Set down exactly the entries below, beginning at their first line and ending at the line with "libraries: nesl_utility x8, sm_lib".

________________________________________

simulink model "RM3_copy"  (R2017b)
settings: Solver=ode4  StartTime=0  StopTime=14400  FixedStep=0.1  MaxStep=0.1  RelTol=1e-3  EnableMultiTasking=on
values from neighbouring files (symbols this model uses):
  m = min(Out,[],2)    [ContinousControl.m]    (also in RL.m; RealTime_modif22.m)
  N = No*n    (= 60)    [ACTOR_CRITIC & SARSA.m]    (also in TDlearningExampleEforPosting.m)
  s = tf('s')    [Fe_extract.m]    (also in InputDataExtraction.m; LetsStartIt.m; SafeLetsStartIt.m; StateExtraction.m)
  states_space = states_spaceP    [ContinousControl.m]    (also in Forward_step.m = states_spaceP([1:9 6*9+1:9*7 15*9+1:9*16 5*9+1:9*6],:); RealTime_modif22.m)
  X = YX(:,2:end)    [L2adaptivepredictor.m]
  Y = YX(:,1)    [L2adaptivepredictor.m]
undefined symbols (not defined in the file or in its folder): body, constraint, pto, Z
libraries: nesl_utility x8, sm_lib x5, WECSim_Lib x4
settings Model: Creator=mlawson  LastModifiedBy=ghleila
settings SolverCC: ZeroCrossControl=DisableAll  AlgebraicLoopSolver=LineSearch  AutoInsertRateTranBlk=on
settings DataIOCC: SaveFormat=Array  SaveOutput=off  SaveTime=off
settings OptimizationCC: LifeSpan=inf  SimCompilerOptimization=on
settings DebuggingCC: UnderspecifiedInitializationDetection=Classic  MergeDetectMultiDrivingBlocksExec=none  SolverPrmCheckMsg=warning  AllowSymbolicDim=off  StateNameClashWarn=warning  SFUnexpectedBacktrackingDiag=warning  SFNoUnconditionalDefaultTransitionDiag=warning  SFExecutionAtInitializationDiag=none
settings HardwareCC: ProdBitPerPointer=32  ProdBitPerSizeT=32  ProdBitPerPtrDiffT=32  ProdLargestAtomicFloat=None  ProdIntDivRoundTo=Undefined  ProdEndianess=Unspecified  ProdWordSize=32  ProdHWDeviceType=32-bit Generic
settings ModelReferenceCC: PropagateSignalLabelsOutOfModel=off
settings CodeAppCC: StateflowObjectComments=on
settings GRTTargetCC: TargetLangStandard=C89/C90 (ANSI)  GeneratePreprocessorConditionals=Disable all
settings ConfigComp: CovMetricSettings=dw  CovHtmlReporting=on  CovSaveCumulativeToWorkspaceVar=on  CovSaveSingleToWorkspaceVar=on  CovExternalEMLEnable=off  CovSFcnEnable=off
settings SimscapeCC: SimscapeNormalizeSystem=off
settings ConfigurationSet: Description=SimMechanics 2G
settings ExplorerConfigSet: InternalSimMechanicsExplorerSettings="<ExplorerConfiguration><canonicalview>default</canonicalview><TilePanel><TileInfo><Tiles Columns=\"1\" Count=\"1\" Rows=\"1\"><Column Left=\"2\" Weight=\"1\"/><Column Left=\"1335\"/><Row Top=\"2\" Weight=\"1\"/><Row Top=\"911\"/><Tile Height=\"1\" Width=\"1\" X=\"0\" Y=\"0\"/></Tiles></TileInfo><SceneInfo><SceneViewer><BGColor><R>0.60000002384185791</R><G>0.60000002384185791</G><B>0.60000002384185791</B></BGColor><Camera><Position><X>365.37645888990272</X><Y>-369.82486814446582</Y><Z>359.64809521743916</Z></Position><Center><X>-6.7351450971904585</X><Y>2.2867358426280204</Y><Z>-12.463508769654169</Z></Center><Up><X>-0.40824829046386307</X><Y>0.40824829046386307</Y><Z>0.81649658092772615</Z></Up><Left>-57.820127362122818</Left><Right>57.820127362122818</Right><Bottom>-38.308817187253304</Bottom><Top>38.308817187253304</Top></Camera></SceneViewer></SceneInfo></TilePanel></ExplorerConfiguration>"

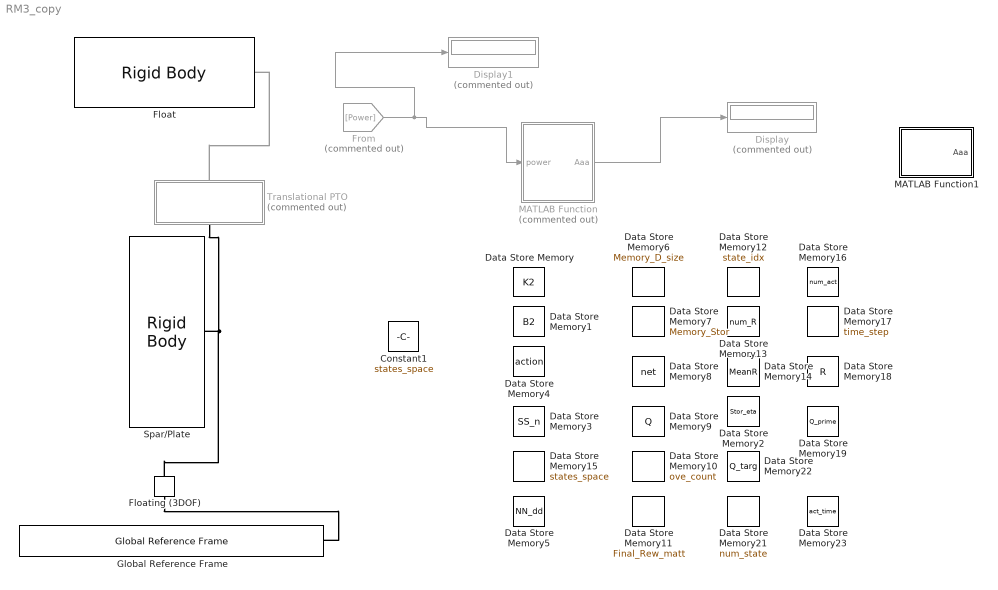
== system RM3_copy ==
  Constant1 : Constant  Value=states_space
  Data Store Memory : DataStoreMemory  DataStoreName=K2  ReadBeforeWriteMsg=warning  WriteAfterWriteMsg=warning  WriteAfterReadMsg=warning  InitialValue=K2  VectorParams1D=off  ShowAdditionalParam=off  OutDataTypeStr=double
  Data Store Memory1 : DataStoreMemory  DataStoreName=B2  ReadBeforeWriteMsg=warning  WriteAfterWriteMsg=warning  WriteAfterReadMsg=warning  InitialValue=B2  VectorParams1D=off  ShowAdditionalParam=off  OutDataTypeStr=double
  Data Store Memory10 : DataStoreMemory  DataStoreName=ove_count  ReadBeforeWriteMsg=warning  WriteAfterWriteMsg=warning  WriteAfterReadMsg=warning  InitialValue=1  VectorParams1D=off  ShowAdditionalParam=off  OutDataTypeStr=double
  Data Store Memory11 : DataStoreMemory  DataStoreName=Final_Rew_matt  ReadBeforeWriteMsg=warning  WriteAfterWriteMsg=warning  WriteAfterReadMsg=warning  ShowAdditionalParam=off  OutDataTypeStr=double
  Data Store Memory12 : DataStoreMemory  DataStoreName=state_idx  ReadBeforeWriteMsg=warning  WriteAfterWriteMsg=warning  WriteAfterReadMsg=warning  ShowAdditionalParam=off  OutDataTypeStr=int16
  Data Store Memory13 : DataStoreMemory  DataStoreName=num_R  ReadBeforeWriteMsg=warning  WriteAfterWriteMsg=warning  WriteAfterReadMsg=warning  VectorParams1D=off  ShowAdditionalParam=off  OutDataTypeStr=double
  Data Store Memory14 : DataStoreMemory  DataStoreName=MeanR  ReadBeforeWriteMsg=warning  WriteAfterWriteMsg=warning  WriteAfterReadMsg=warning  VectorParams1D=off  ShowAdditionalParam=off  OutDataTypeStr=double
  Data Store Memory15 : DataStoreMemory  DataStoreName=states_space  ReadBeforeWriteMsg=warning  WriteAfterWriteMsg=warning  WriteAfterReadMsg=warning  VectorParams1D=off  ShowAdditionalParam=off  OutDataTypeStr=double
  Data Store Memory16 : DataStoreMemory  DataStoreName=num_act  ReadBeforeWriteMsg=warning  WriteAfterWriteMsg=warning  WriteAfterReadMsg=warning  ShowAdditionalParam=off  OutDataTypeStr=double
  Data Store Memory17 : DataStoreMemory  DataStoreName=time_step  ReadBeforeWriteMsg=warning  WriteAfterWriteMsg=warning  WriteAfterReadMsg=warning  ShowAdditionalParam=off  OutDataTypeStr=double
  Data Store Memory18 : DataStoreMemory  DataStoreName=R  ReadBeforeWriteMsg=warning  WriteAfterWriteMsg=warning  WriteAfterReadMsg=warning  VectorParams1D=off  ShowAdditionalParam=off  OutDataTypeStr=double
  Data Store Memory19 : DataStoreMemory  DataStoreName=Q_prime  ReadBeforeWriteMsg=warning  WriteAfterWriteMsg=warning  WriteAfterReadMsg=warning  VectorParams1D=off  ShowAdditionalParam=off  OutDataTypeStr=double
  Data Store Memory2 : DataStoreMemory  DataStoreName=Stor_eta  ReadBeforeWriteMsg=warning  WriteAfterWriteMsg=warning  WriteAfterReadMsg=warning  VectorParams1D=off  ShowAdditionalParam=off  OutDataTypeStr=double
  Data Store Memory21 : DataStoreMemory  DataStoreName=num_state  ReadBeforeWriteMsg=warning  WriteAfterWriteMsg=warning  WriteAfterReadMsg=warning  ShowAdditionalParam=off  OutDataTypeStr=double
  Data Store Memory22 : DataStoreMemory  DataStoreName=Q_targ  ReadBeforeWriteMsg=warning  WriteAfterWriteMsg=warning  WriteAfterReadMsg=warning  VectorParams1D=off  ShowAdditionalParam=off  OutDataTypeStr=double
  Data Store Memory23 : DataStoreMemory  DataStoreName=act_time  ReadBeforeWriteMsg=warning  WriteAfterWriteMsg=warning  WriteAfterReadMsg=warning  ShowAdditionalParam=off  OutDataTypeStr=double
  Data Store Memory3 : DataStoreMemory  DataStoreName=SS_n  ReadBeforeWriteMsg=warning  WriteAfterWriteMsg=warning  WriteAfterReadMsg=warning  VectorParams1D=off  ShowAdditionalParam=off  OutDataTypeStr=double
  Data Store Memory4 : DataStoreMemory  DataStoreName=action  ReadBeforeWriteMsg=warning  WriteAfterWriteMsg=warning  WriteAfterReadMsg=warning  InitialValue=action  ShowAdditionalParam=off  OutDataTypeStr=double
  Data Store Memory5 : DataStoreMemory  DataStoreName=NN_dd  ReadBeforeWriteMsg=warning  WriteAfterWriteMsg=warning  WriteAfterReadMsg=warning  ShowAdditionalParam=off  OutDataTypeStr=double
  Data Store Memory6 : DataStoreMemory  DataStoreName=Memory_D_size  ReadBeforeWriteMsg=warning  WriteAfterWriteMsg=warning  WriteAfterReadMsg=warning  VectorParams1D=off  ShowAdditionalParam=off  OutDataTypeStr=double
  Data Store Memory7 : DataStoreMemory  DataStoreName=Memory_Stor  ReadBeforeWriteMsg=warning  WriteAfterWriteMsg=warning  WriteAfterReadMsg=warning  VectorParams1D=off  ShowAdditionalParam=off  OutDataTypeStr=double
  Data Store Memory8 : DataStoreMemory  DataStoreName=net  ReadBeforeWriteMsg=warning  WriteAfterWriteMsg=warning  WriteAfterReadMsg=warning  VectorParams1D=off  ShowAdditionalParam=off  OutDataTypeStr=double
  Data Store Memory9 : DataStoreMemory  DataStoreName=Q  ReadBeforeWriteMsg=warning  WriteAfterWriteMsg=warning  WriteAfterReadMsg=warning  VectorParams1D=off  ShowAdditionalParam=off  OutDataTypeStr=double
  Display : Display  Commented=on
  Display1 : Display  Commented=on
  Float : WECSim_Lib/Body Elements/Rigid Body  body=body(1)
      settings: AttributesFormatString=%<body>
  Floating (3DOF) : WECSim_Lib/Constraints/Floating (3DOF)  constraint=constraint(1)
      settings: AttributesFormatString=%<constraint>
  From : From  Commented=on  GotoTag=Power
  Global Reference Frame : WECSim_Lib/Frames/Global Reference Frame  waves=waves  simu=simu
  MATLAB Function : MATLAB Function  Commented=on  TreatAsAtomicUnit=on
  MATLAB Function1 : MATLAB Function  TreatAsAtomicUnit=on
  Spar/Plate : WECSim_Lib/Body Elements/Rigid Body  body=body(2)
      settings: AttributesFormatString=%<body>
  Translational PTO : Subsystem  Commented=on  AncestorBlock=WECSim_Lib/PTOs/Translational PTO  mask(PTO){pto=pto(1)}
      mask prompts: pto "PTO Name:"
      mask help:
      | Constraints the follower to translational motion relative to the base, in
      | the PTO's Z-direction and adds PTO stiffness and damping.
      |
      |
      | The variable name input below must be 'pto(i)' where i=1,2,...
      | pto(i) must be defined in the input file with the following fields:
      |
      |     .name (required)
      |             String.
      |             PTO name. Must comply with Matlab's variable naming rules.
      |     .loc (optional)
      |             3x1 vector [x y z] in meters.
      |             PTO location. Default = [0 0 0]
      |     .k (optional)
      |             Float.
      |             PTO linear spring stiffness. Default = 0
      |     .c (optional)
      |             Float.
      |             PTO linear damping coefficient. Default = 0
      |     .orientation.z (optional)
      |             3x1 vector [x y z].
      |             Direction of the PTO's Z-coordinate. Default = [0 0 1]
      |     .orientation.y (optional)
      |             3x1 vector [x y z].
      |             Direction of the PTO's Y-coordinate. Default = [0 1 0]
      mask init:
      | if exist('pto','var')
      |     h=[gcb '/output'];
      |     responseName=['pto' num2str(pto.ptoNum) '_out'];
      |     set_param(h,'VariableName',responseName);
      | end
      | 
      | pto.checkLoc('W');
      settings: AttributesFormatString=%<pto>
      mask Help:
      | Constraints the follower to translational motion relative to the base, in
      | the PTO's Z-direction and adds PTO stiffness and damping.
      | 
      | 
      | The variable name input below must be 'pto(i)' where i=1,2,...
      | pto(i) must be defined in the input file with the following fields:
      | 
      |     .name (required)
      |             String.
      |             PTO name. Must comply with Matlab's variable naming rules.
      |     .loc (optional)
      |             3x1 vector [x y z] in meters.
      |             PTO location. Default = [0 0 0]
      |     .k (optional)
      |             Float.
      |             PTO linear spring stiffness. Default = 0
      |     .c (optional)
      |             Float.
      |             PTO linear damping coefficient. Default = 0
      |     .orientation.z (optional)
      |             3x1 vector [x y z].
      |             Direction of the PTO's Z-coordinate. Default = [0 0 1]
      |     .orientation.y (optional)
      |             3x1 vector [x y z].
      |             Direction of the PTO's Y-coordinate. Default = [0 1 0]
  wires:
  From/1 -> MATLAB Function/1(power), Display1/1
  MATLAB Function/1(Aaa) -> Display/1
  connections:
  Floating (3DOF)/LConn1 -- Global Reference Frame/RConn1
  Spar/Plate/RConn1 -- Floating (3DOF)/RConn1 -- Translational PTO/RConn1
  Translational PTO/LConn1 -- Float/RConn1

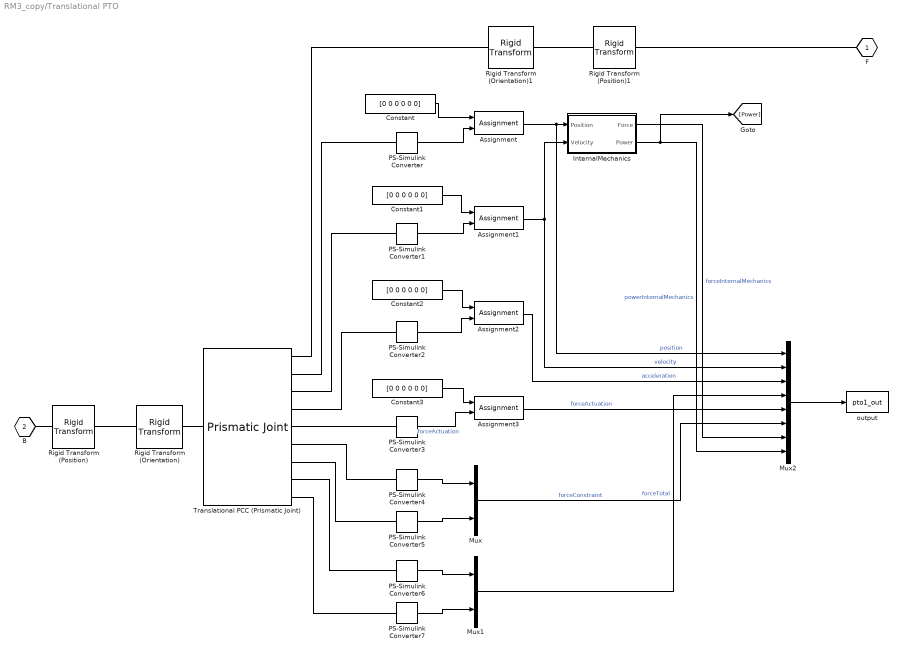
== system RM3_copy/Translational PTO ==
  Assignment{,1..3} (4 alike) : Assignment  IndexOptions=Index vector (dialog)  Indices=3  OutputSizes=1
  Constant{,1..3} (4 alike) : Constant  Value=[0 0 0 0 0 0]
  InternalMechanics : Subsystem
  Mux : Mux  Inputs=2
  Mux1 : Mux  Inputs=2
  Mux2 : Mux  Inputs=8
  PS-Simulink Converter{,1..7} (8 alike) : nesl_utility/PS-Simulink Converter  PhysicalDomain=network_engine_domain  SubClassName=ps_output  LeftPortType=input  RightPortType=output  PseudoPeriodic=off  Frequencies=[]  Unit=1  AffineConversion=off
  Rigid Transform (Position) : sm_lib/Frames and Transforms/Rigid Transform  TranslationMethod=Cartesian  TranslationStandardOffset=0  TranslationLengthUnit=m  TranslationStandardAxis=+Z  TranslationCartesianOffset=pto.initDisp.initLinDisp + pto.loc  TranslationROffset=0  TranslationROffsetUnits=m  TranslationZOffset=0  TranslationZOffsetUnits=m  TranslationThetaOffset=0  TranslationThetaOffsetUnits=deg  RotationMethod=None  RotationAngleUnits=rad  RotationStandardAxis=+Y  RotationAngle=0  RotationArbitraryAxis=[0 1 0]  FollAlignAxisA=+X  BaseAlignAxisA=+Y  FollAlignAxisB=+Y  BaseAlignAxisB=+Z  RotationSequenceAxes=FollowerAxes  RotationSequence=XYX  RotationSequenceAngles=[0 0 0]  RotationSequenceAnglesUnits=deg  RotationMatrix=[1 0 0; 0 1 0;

________________________________________

**Output for this exercise**
simulink model "RM3_copy"  (R2017b)
settings: Solver=ode4  StartTime=0  StopTime=14400  FixedStep=0.1  MaxStep=0.1  RelTol=1e-3  EnableMultiTasking=on
values from neighbouring files (symbols this model uses):
  m = min(Out,[],2)    [ContinousControl.m]    (also in RL.m; RealTime_modif22.m)
  N = No*n    (= 60)    [ACTOR_CRITIC & SARSA.m]    (also in TDlearningExampleEforPosting.m)
  s = tf('s')    [Fe_extract.m]    (also in InputDataExtraction.m; LetsStartIt.m; SafeLetsStartIt.m; StateExtraction.m)
  states_space = states_spaceP    [ContinousControl.m]    (also in Forward_step.m = states_spaceP([1:9 6*9+1:9*7 15*9+1:9*16 5*9+1:9*6],:); RealTime_modif22.m)
  X = YX(:,2:end)    [L2adaptivepredictor.m]
  Y = YX(:,1)    [L2adaptivepredictor.m]
undefined symbols (not defined in the file or in its folder): body, constraint, pto, Z
libraries: nesl_utility x8, sm_lib x5, WECSim_Lib x4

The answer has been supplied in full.